心を込めた生き方とは、何事も真剣に、取り組むことです。すべてのことに神様の愛を感じて取り組めば、日々出会う人々、出来事、また、担う仕事などに対する私たちの心や取り組み方が変わることになります。この待降節は、私たちが何を大切にして生きるのかを問われています。特に、新型コロナウイルス感染者が増えつつある昨今、本当に不安の中にいる人々をどう安心させるか、難しい課題です。神様から与えられた命を守るために、私も努力しなければなりません。新型コロナウイルス感染の終息に向けて、国の指導者たちも、様々な対策を講じている中、私たちも協力しなければなりません。自分の小さな努力は大きな成果を生み出すのです。

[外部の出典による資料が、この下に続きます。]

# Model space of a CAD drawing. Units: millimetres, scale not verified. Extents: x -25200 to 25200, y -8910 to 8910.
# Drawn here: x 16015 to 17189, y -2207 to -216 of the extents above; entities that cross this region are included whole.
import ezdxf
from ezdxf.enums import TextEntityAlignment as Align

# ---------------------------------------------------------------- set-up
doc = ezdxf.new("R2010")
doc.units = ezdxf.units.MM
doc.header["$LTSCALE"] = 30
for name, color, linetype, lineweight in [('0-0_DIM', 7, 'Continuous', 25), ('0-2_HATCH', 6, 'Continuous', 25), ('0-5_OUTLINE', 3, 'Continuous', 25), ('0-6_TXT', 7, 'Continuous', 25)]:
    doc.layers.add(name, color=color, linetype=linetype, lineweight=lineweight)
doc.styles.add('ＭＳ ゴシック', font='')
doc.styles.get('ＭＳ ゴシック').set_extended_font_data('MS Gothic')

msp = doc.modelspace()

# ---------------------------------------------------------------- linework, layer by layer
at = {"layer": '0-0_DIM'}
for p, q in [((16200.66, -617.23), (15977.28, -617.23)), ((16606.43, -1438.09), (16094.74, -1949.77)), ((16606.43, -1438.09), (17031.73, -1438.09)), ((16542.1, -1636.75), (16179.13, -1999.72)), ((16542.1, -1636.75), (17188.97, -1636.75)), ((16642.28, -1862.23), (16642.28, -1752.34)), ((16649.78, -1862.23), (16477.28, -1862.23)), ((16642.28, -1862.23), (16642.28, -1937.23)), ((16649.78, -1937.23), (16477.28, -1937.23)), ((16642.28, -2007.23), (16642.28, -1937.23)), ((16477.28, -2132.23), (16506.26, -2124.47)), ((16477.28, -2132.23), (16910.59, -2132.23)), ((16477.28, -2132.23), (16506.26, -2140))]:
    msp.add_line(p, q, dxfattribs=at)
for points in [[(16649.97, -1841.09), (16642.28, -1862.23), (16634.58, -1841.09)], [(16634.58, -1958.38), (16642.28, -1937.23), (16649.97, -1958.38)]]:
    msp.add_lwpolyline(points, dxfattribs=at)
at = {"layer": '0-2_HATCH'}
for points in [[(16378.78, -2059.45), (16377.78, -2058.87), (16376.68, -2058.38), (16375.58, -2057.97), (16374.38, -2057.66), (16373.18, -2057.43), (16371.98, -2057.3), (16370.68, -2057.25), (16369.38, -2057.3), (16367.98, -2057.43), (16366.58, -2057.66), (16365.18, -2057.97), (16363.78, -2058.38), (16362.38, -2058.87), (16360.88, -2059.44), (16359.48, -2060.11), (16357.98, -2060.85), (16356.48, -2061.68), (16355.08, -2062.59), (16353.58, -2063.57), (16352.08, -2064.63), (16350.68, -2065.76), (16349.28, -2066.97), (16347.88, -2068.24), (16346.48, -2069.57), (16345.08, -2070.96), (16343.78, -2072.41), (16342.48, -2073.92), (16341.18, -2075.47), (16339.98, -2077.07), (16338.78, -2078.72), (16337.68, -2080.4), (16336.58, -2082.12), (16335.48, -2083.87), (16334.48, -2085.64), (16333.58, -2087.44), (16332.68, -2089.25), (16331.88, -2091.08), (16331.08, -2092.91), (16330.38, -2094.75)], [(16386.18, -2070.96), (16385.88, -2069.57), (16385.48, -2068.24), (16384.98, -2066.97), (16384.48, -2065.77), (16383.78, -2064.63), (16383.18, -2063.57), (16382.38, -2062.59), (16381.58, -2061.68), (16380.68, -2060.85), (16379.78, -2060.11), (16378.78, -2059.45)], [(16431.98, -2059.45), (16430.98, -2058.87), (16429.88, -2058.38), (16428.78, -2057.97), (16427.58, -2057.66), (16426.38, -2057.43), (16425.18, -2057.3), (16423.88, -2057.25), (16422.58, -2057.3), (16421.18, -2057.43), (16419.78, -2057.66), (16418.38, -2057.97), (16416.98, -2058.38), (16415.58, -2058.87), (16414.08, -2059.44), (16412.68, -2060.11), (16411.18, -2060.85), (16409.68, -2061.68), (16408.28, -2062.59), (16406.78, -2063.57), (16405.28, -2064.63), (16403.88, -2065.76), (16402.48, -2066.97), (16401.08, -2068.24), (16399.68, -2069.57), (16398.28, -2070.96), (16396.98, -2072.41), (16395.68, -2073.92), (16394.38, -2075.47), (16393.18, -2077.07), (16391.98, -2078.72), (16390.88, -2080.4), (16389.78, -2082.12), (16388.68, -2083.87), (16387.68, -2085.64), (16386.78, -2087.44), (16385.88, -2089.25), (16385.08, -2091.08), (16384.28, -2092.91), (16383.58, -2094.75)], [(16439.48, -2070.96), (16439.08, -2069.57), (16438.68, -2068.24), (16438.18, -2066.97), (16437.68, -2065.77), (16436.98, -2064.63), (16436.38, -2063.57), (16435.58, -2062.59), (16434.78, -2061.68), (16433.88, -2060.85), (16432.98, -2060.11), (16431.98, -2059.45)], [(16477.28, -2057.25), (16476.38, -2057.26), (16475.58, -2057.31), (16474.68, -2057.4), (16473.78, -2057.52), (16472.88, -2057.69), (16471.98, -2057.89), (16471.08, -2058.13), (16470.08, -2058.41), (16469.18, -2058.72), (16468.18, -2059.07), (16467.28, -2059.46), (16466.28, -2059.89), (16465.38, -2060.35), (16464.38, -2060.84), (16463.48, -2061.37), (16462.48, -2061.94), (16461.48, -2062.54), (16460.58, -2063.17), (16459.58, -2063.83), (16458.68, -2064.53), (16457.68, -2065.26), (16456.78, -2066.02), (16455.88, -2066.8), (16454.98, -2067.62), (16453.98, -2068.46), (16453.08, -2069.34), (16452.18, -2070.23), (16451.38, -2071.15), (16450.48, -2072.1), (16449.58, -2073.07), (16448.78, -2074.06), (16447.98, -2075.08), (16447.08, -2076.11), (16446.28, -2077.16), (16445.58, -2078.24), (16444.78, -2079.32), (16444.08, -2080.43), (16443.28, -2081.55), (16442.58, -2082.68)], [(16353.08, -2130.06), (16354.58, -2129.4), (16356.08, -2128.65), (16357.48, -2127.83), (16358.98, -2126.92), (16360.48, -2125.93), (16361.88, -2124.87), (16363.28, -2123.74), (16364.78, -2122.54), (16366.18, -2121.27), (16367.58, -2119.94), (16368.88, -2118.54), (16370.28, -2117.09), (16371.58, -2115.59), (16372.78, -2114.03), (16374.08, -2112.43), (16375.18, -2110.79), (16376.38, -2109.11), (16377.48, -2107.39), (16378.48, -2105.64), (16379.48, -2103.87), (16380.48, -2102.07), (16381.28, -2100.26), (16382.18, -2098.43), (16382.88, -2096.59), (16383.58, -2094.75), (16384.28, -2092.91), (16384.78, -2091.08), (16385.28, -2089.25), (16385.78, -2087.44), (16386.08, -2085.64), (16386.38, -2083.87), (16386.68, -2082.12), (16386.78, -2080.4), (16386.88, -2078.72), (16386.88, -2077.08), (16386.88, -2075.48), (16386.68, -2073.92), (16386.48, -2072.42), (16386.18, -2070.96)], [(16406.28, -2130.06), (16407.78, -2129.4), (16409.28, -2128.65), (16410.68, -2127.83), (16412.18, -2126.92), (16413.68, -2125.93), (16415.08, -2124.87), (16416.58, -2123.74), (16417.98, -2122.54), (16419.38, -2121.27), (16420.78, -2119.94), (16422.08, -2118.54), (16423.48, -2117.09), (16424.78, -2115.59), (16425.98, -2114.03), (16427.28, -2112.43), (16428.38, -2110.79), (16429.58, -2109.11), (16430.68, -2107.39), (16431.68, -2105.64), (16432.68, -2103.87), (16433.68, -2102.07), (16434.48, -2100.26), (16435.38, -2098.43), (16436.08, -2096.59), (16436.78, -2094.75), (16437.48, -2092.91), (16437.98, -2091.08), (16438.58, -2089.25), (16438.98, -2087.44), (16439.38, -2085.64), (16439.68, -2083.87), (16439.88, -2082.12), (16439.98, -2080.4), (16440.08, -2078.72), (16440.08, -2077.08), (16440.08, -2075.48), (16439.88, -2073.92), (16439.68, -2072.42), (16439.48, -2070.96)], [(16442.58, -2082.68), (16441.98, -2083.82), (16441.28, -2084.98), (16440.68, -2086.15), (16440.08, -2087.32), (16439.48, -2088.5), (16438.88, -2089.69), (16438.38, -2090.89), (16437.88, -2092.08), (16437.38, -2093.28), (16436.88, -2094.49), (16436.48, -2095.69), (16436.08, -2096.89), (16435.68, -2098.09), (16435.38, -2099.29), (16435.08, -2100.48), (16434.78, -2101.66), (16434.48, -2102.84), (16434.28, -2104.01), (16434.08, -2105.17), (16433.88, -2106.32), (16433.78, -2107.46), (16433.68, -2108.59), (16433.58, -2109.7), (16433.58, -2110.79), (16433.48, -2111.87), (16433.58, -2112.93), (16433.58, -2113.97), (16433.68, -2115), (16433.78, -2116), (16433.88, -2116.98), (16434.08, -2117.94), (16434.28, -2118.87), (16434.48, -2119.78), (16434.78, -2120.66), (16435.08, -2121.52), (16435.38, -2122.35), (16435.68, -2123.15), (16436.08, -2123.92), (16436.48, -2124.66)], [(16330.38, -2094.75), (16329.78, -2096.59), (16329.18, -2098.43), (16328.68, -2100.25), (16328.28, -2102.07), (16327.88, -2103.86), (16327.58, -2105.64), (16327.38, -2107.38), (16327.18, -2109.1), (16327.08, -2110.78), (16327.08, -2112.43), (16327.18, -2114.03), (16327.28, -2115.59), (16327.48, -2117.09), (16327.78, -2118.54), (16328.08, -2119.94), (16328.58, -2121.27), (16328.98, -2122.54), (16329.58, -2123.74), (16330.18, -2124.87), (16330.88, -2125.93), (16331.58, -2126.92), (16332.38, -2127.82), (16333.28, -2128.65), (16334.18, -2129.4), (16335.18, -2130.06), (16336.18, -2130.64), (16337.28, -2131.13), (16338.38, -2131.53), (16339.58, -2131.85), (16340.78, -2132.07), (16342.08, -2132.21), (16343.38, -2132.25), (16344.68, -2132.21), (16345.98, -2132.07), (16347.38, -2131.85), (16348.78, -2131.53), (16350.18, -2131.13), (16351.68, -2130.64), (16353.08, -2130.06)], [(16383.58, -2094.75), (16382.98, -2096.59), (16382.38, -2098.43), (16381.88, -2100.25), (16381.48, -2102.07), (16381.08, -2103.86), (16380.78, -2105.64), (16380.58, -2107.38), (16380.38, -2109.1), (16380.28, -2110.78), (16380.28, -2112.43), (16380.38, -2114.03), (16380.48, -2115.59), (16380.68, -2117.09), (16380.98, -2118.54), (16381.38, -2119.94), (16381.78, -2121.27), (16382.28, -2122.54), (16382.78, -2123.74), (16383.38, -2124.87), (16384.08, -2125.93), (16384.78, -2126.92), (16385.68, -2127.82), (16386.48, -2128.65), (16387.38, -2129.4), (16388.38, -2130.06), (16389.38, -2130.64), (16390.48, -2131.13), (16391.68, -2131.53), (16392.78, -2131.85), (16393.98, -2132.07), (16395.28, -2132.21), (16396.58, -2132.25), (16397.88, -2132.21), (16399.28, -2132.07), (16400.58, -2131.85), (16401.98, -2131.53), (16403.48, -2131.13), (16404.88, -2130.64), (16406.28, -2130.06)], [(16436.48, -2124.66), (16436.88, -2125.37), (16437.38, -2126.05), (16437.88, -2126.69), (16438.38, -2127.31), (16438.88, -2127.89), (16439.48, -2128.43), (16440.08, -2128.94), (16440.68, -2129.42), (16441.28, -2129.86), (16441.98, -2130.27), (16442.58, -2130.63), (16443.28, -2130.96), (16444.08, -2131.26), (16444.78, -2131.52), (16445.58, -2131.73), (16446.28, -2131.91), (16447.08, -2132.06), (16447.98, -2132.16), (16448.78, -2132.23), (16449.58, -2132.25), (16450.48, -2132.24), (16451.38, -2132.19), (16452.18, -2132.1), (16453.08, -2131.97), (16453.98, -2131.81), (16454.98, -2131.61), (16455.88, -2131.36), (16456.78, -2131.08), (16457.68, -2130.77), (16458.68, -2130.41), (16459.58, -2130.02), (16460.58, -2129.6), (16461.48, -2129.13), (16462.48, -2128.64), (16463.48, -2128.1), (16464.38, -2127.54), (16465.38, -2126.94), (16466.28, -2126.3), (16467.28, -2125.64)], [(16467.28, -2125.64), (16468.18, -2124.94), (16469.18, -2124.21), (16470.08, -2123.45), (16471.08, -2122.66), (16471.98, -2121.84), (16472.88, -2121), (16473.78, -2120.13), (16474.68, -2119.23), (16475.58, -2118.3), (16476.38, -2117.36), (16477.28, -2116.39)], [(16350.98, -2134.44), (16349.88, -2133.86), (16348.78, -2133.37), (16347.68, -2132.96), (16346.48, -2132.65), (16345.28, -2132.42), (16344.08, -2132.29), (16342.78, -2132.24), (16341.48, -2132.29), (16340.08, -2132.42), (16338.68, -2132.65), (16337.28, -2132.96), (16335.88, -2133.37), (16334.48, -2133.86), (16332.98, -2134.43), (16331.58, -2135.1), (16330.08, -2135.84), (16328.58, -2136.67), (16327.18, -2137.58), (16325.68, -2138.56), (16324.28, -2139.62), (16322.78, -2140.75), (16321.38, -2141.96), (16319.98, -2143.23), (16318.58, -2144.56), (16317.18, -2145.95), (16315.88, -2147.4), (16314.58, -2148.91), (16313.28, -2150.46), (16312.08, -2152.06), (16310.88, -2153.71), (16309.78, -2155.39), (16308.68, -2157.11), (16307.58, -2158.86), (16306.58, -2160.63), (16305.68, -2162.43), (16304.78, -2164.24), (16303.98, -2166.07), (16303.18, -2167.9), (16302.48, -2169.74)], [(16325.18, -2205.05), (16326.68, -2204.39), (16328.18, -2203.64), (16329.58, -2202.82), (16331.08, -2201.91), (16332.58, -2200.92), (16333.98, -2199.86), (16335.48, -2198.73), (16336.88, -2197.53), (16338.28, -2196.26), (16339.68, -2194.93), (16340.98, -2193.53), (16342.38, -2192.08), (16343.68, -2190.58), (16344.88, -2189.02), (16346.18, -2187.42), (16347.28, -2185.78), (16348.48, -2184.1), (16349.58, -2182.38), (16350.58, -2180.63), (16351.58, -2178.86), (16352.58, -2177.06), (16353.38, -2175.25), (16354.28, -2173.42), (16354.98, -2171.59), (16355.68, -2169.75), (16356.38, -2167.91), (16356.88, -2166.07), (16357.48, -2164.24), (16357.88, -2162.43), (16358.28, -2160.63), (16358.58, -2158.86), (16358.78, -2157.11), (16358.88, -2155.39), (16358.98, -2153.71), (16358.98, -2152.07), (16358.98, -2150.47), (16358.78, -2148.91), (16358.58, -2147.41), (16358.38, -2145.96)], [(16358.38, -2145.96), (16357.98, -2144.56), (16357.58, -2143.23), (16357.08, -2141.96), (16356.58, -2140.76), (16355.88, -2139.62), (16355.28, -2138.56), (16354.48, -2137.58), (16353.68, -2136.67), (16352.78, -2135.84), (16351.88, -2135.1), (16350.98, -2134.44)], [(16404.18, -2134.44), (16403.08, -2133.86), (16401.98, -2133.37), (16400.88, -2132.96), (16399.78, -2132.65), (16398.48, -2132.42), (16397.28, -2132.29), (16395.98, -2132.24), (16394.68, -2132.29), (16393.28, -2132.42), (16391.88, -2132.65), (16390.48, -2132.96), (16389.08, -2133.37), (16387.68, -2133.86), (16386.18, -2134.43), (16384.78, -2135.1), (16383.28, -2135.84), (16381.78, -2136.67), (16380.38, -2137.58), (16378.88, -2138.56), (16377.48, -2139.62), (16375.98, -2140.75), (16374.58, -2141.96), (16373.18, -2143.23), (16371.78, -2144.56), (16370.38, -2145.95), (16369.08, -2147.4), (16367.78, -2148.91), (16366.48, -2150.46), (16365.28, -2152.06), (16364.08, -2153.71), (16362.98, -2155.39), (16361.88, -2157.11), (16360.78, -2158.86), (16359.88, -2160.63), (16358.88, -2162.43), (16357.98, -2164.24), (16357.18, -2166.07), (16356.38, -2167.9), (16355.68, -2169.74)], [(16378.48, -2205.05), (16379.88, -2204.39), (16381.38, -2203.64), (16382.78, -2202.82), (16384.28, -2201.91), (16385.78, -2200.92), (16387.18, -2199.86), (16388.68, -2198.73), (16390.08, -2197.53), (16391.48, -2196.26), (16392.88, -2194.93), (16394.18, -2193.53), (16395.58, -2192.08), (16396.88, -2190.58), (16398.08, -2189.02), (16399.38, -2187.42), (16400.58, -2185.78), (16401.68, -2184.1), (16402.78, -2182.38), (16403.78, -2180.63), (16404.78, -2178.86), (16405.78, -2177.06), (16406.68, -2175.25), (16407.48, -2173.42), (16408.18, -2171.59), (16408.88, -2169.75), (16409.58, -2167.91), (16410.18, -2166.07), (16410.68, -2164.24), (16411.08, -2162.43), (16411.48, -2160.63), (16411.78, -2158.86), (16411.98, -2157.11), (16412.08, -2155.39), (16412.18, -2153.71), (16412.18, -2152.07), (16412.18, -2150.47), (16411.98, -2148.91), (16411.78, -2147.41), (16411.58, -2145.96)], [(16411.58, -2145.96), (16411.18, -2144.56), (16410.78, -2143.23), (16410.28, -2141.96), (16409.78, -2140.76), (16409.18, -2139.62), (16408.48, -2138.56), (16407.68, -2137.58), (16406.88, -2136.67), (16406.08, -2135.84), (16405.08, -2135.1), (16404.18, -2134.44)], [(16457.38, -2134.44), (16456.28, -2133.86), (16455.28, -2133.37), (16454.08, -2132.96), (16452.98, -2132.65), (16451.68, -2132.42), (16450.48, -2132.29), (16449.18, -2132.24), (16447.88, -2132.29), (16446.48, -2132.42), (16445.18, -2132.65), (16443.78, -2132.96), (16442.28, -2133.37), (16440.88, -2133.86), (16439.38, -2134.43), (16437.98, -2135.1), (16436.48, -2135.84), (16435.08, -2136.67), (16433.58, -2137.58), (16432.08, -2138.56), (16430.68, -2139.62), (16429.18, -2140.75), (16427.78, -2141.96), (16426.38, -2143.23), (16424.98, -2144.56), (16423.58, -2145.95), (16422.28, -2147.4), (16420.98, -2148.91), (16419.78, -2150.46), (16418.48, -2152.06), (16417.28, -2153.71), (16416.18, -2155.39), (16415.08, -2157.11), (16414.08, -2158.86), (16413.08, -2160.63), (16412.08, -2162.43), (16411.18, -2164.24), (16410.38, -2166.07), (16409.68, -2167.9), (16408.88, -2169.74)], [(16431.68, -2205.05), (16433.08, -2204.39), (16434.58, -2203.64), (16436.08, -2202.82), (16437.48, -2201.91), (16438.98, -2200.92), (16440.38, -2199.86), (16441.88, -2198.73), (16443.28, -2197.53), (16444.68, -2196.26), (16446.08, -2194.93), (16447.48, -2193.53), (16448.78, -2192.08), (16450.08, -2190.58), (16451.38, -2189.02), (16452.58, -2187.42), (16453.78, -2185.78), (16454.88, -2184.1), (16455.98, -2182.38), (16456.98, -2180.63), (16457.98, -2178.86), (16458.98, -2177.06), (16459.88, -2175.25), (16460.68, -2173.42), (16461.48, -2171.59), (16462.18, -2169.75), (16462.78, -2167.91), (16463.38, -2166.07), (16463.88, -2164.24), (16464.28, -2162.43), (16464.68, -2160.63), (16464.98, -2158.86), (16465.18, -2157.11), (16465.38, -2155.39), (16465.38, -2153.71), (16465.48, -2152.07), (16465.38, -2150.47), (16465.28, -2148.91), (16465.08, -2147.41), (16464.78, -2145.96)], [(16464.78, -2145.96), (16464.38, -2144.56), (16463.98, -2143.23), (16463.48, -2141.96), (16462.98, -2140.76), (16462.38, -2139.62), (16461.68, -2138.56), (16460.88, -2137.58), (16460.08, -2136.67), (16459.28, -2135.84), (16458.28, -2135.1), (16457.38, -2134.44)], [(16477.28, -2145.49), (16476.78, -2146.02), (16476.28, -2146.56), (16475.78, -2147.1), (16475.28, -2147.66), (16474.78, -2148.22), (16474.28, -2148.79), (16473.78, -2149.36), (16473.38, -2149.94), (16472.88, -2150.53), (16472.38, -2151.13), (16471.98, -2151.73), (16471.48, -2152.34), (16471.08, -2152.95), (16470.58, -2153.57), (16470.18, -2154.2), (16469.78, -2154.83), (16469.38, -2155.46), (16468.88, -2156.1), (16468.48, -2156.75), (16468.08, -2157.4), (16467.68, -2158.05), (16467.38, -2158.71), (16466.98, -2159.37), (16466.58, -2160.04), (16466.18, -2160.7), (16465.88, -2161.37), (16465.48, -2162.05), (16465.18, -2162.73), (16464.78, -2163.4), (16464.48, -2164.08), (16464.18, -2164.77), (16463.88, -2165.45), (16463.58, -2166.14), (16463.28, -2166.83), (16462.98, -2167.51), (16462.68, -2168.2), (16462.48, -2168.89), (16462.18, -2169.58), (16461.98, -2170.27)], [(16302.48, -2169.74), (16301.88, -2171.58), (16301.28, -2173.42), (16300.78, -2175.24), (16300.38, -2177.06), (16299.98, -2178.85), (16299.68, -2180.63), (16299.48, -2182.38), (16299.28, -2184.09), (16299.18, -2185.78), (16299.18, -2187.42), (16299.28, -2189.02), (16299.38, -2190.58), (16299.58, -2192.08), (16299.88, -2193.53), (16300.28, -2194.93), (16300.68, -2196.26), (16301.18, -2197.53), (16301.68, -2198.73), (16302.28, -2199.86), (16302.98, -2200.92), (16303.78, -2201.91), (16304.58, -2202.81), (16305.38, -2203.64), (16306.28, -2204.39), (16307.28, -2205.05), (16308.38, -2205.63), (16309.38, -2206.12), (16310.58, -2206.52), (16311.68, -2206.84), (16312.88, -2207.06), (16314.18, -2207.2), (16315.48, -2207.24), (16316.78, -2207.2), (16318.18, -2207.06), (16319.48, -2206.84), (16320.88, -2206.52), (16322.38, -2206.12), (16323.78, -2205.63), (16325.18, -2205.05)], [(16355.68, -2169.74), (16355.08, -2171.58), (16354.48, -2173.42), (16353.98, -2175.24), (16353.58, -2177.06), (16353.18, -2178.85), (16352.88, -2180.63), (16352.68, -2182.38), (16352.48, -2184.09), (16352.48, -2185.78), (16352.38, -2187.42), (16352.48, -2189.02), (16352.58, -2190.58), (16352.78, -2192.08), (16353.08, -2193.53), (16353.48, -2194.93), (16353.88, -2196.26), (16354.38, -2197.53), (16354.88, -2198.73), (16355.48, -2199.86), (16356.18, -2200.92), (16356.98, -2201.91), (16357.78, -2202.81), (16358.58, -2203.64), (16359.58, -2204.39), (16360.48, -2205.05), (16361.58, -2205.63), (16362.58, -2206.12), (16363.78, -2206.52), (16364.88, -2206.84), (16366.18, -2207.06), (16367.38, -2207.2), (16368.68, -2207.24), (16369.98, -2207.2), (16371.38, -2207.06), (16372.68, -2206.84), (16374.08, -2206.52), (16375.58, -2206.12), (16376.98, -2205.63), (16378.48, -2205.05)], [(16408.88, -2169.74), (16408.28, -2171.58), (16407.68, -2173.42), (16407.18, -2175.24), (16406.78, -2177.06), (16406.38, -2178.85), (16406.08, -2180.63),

マルコ福音書で「目を覚ましていなさい」とは、今、わたしたちが直面しているこの苦しい現実の中でも、神様に信頼を置きながら、自分の信仰をぶれずに、一生懸命に生きて行くことでしょう。あの貧しいやもめのように、何もできない中でも、神様との繋がりを大切にして生きて行くことです。待降節には、祈りと節制を通して、私たちの心にイエス様が喜んで生まれるように準備をしましょう。「目を覚ます」ということは、私たちの心の中にもイエス様が生まれたいと待ち望んでいるということを知ることでもあります。そのために自分の心を整えましょう。